American borrowers are maxed out, amid high interest rates and rising prices.

U.S. household debt hit a new record in the first quarter of 2024, rising $184 billion to $17.69 trillion. And close to 1 in 10 credit card balances and 1 in 12 auto loans became delinquent, according to the Quarterly Report on Household Debt and Credit from the Federal Reserve Bank of New York, released this week.

“In the first quarter of 2024, credit card and auto loan transition rates into serious delinquency continued to rise across all age groups,” said Joelle Scally, Regional Economic Principal within the Household and Public Policy Research Division at the New York Fed, in a statement. “An increasing number of borrowers missed credit card payments, revealing worsening financial distress among some households.”

Mortgage balances also rose $190 billion from the previous quarter, reaching $12.44 trillion at the end of March.

Per the advisory, “Balances on home equity lines of credit (HELOC) increased by $16 billion, representing the eighth consecutive quarterly increase since Q1 2022, and now stand at $376 billion. Credit card balances decreased by $14 billion to $1.12 trillion. Other balances, which include retail cards and consumer loans, also decreased by $11 billion. Auto loan balances increased by $9 billion, continuing the upward trajectory seen since 2020, and now stand at $1.62 trillion.”
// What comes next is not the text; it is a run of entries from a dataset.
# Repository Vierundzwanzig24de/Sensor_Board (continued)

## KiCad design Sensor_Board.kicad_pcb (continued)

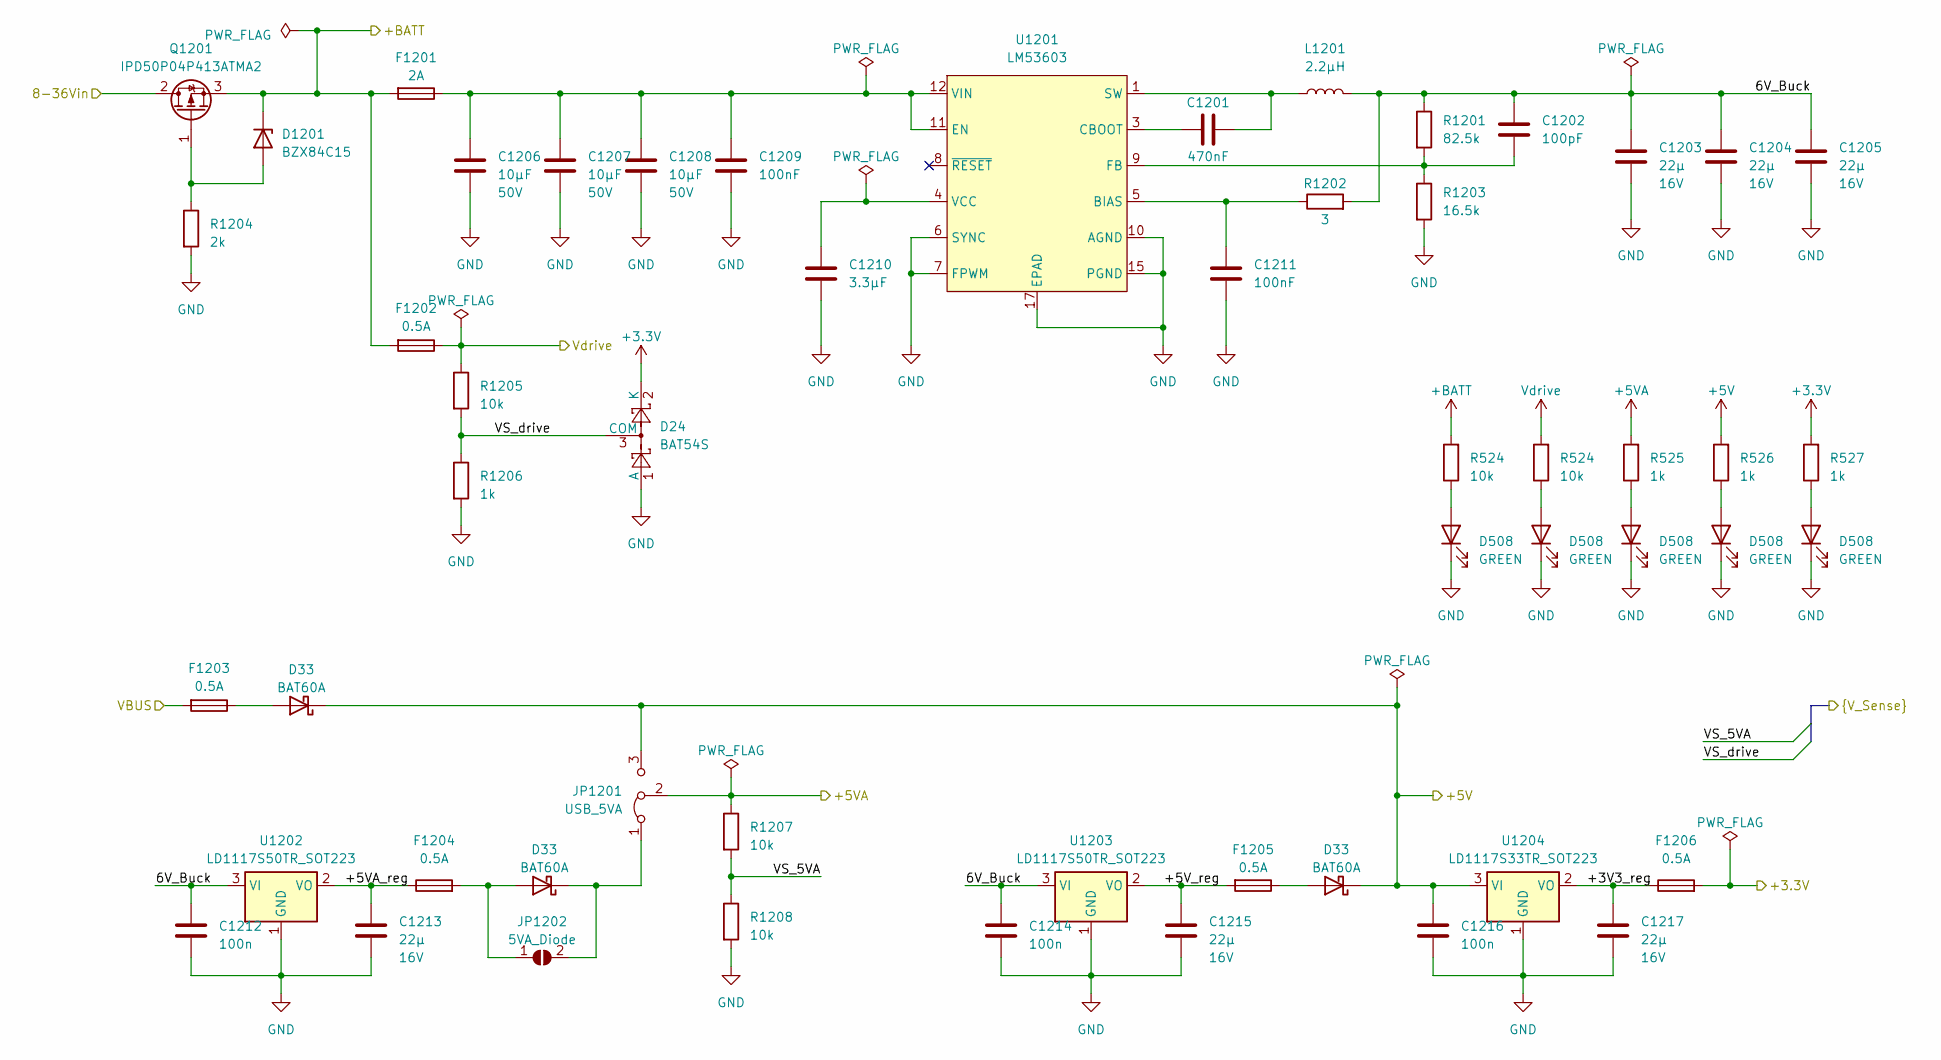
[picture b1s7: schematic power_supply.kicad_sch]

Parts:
C1201: 470nF; C_0805_2012Metric
C1202: 100pF; R_0603_1608Metric
C1203, C1204, C1205, C1213, C1215, C1217: 22µ; C_1210_3225Metric; Voltage 16V
C1206, C1207, C1208: 10µF; C_1206_3216Metric; Voltage 50V
C1209, C1211: 100nF; R_0603_1608Metric
C1210: 3.3µF; C_1206_3216Metric
C1212, C1214, C1216: 100n; C_0603_1608Metric
D24: BAT54S; SOT-23
D33: BAT60A; D_SOD-323
D508: GREEN; LED_0603_1608Metric
D1201: BZX84C15; SOT-23
F1201: 2A; Fuse_1206_3216Metric
F1202, F1203, F1204, F1205, F1206: 0.5A; Fuse_1206_3216Metric
JP1201: USB_5VA; PinHeader_1x03_P2.54mm_Vertical
JP1202: 5VA_Diode; SolderJumper-2_P1.3mm_Open_Pad1.0x1.5mm
L1201: 2.2µH; L_Bourns_SRP7028A_7.3x6.6mm
Q1201: IPD50P04P413ATMA2; TO-252-2
R524, R1205, R1207, R1208: 10k; R_0603_1608Metric
R525, R526, R527, R1206: 1k; R_0603_1608Metric
R1201: 82.5k; R_0603_1608Metric
R1202: 3; R_0603_1608Metric
R1203: 16.5k; R_0603_1608Metric
R1204: 2k; R_0603_1608Metric
U1201: LM53603; HTSSOP-16-1EP_4.4x5mm_P0.65mm_EP3.4x5mm_Mask2.46x2.31mm
U1202, U1203: LD1117S50TR_SOT223; SOT-223-3_TabPin2
U1204: LD1117S33TR_SOT223; SOT-223-3_TabPin2

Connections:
1A_Out1: R525.2; also elsewhere on the board
1A_Out2: R526.2; also elsewhere on the board
+5V: C1216.1, JP1201.3 (B), U1204.3 (VI); also elsewhere on the board
+5VA: JP1201.2 (C), R1207.1; also elsewhere on the board
+BATT: D1201.3 (K), F1201.2, F1202.2, Q1201.3 (S); also elsewhere on the board
/Connectors/VIN: Q1201.2 (D); also elsewhere on the board
/Microcontroller/VS_5VA: R1207.2, R1208.1; also elsewhere on the board
/Microcontroller/VS_drive: R1205.2, R1206.1; also elsewhere on the board
/Power Supply/6V_Buck: C1202.1, C1203.1, C1204.1, C1205.1, C1212.1, C1214.1, L1201.2, R1201.1, R1202.2, U1202.3 (VI), U1203.3 (VI)
/Power Supply/+3V3_reg: C1217.1, F1206.1, U1204.2 (VO)
/Power Supply/+5VA_reg: C1213.1, F1204.1, U1202.2 (VO)
/Power Supply/+5V_reg: C1215.1, F1205.2, U1203.2 (VO)
/Power Supply/VBUS: F1203.2; also elsewhere on the board
unnamed: C1201.2, L1201.1, U1201.1 (SW), U1201.2 (SW)
unnamed: D1201.1 (A), Q1201.1 (G), R1204.1
unnamed 151: F1203.1; also elsewhere on the board
unnamed 152: F1204.2, JP1202.1 (A); also elsewhere on the board
unnamed 153: JP1201.1 (A), JP1202.2 (B); also elsewhere on the board
unnamed 154: F1205.1; also elsewhere on the board
unnamed: C1211.1, R1202.1, U1201.5 (BIAS)
unnamed: C1201.1, U1201.3 (CBOOT)
unnamed: C1202.2, R1201.2, R1203.1, U1201.9 (FB)
unnamed: C1210.1, U1201.4 (VCC)
VIN: C1206.1, C1207.1, C1208.1, C1209.1, F1201.1, U1201.11 (EN), U1201.12 (VIN), U1201.13 (VIN)

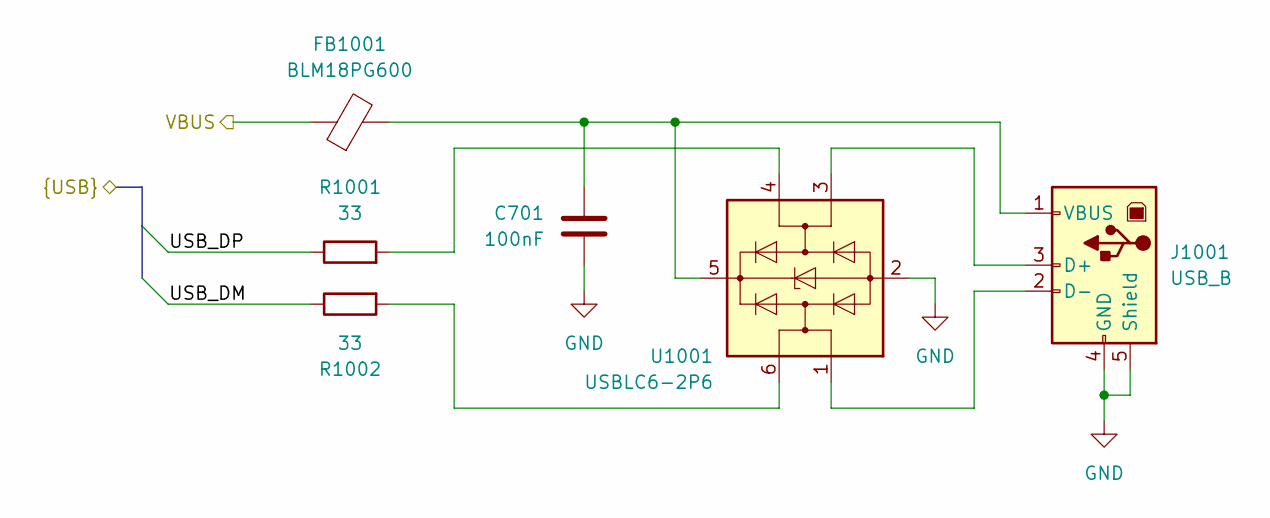
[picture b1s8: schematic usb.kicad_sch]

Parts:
C701: 100nF; C_0603_1608Metric
FB1001: BLM18PG600; L_0603_1608Metric
J1001: USB_B; USB_B_OST_USB-B1HSxx_Horizontal
R1001, R1002: 33; R_0603_1608Metric
U1001: USBLC6-2P6; SOT-666

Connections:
/Microcontroller/USB_DM: R1002.1; also elsewhere on the board
/Microcontroller/USB_DP: R1001.1; also elsewhere on the board
/Power Supply/VBUS: FB1001.1; also elsewhere on the board
unnamed: J1001.3 (D+), U1001.3 (I/O2)
unnamed: J1001.2 (D-), U1001.1 (I/O1)
unnamed: R1001.2, U1001.4 (I/O2)
unnamed: R1002.2, U1001.6 (I/O1)

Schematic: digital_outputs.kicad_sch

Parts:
D601, D602, D603, D604, D605, D606, D607, D608: BAT54S; SOT-23
JP601: DOut_Supply0; PinHeader_1x03_P2.54mm_Vertical
JP602: DOut_Supply1; PinHeader_1x03_P2.54mm_Vertical
Q601, Q602, Q603, Q604, Q605, Q606, Q607, Q608, Q613, Q614, Q615, Q616, Q617, Q618, Q619, Q620: BC817; SOT-23
Q609, Q610, Q611, Q612, Q621, Q622, Q623, Q624: BC807; SOT-23
R601, R603, R605, R607, R625, R627, R629, R631: 10k; R_0603_1608Metric
R602, R604, R606, R608, R609, R610, R611, R612, R613, R614, R615, R616, R617, R618, R619, R620, R621, R622, R623, R624, R626, R628, R630, R632, R633, R634, R635, R636, R637, R638, R639, R640, R641, R642, R643, R644, R645, R646, R647, R648: 1k; R_0603_1608Metric

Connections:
+5V: JP601.3 (B), JP602.3 (B); also elsewhere on the board
/Digital Outputs/DOut_Supply0: JP601.2 (C), Q601.3 (C), Q602.3 (C), Q603.3 (C), Q604.3 (C), R601.1, R603.1, R605.1, R607.1
/Digital Outputs/DOut_Supply1: JP602.2 (C), Q613.3 (C), Q614.3 (C), Q615.3 (C), Q616.3 (C), R625.1, R627.1, R629.1, R631.1
/Digital Outputs/D_Out_3V3_0: R617.1; also elsewhere on the board
/Digital Outputs/D_Out_3V3_1: R619.1; also elsewhere on the board
/Digital Outputs/D_Out_3V3_2: R621.1; also elsewhere on the board
/Digital Outputs/D_Out_3V3_3: R623.1; also elsewhere on the board
/Digital Outputs/D_Out_3V3_4: R641.1; also elsewhere on the board
/Digital Outputs/D_Out_3V3_5: R643.1; also elsewhere on the board
/Digital Outputs/D_Out_3V3_6: R645.1; also elsewhere on the board
/Digital Outputs/D_Out_3V3_7: R647.1; also elsewhere on the board
D_Out_0: D601.3; also elsewhere on the board
D_Out_1: D602.3; also elsewhere on the board
D_Out_2: D603.3; also elsewhere on the board
D_Out_3: D604.3; also elsewhere on the board
D_Out_4: D605.3; also elsewhere on the board
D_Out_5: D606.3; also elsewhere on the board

The New York Fed reported that 3.2% of outstanding debt was in some stage of delinquency at March’s end.

Demography of debt

A Liberty Street Economics blog post noted that “younger card users and card users living in low-income areas are more likely to be maxed-out” than others. The post noted that “the share of maxed-out borrowers has been increasing from pandemic lows and is approaching pre-pandemic levels, and the delinquency transition rates of these maxed-out borrowers are now noticeably higher than pre-pandemic, resulting in higher transition rates into credit card delinquency overall.”

Speaking of those who carry a balance on credit cards, Ted Rossman at Bankrate told NPR, “Credit card debt is very costly, with the average interest rate topping 20%. Rossman says borrowers who make only the minimum monthly payment can take nearly two decades to pay down their debt. On an average balance of $6,360, the interest alone would total $9,500.”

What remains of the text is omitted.